▼▼▼
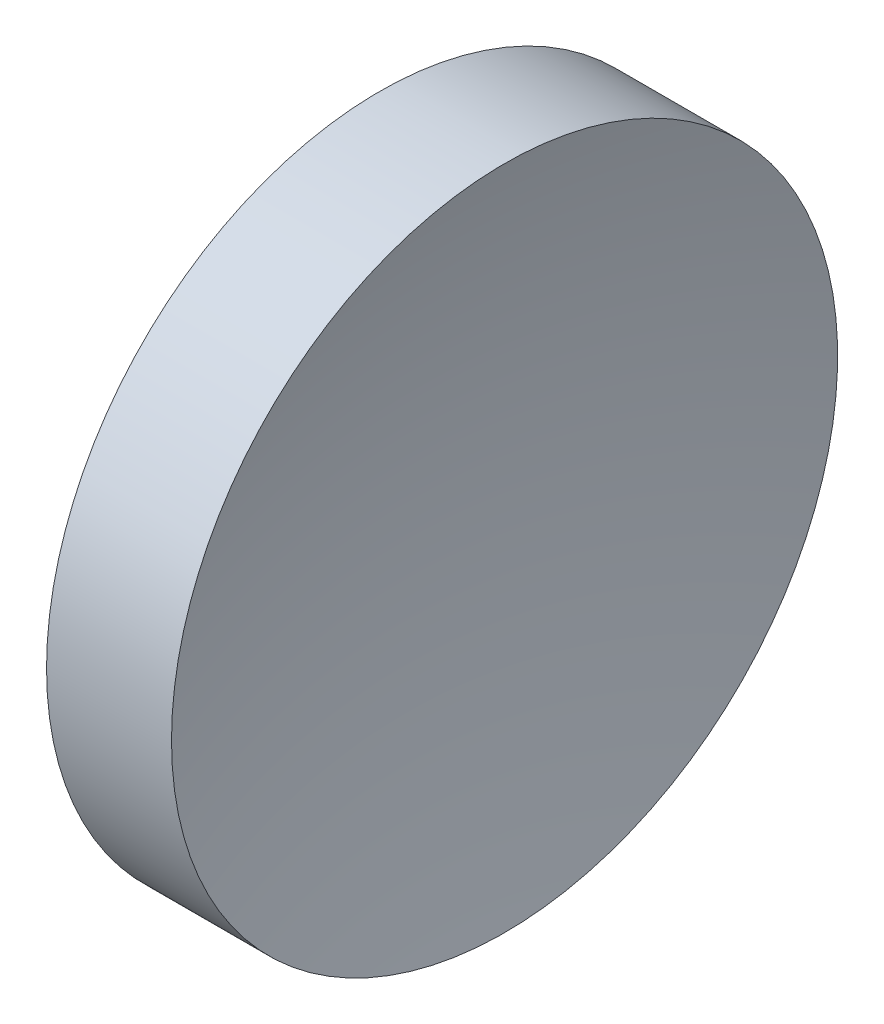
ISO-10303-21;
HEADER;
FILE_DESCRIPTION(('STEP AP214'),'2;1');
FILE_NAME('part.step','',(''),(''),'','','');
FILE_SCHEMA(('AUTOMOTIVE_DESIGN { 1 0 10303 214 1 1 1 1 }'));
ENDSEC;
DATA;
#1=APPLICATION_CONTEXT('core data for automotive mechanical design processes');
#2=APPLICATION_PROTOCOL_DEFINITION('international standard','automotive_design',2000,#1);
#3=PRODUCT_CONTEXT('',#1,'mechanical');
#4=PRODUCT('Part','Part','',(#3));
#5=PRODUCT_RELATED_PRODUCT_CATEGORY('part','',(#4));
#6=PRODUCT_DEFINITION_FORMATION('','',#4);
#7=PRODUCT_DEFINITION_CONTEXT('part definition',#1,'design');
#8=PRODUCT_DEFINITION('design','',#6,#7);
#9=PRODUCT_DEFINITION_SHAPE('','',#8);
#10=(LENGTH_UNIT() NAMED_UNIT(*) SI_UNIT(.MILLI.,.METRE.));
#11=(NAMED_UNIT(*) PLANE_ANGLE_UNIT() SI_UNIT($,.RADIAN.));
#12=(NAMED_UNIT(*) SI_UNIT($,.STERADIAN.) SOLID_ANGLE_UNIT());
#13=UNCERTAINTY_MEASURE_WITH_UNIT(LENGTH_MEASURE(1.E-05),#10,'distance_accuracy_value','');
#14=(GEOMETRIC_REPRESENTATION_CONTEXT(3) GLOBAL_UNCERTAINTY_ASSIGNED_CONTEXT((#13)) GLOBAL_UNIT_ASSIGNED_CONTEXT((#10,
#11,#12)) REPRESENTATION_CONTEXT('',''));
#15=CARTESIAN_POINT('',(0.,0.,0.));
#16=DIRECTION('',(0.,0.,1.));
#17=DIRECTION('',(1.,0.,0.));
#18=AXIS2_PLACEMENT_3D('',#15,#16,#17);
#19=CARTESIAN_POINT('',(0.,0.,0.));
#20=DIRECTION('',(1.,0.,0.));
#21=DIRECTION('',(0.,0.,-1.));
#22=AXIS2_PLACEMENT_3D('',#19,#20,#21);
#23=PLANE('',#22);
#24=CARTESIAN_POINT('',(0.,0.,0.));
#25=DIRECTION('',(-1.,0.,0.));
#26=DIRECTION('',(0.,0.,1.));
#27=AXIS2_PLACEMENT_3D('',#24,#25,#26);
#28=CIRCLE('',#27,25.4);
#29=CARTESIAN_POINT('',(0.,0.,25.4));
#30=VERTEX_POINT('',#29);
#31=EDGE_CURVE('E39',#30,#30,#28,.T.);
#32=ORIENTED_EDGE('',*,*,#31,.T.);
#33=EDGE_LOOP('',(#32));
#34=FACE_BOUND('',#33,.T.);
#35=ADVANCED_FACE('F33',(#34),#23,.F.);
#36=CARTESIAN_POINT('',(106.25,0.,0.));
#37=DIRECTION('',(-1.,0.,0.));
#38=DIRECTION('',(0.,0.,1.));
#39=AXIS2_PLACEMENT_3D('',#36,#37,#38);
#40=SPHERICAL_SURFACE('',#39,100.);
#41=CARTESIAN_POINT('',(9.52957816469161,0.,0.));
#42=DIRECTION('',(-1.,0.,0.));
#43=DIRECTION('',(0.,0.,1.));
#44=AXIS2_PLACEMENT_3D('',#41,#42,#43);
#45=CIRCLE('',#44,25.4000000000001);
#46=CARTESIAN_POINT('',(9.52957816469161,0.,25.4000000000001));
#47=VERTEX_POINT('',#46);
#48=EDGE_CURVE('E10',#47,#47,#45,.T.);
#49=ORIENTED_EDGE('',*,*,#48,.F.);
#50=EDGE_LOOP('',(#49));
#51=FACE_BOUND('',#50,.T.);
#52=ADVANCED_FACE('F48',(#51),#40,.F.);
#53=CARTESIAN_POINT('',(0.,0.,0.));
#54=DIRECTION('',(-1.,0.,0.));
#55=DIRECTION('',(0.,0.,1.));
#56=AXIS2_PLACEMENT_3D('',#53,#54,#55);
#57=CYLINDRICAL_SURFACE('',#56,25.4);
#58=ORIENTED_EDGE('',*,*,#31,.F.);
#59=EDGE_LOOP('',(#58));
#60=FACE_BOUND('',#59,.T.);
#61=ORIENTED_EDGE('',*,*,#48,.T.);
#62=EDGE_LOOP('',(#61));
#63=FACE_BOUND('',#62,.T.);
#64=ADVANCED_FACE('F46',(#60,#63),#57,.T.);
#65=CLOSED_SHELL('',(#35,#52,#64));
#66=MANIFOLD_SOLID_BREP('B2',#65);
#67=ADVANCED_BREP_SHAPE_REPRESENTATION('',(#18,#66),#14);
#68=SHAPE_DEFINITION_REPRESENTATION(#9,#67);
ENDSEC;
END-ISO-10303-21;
▲▲▲
_Problem statement_
Give back exactly the run of lines that opens the material above and ends at the line with "#1=APPLICATION_CONTEXT('core data for". Omit the pictures.

_Reply_
ISO-10303-21;
HEADER;
FILE_DESCRIPTION(('STEP AP214'),'2;1');
FILE_NAME('part.step','',(''),(''),'','','');
FILE_SCHEMA(('AUTOMOTIVE_DESIGN { 1 0 10303 214 1 1 1 1 }'));
ENDSEC;
DATA;
#1=APPLICATION_CONTEXT('core data for automotive mechanical design processes');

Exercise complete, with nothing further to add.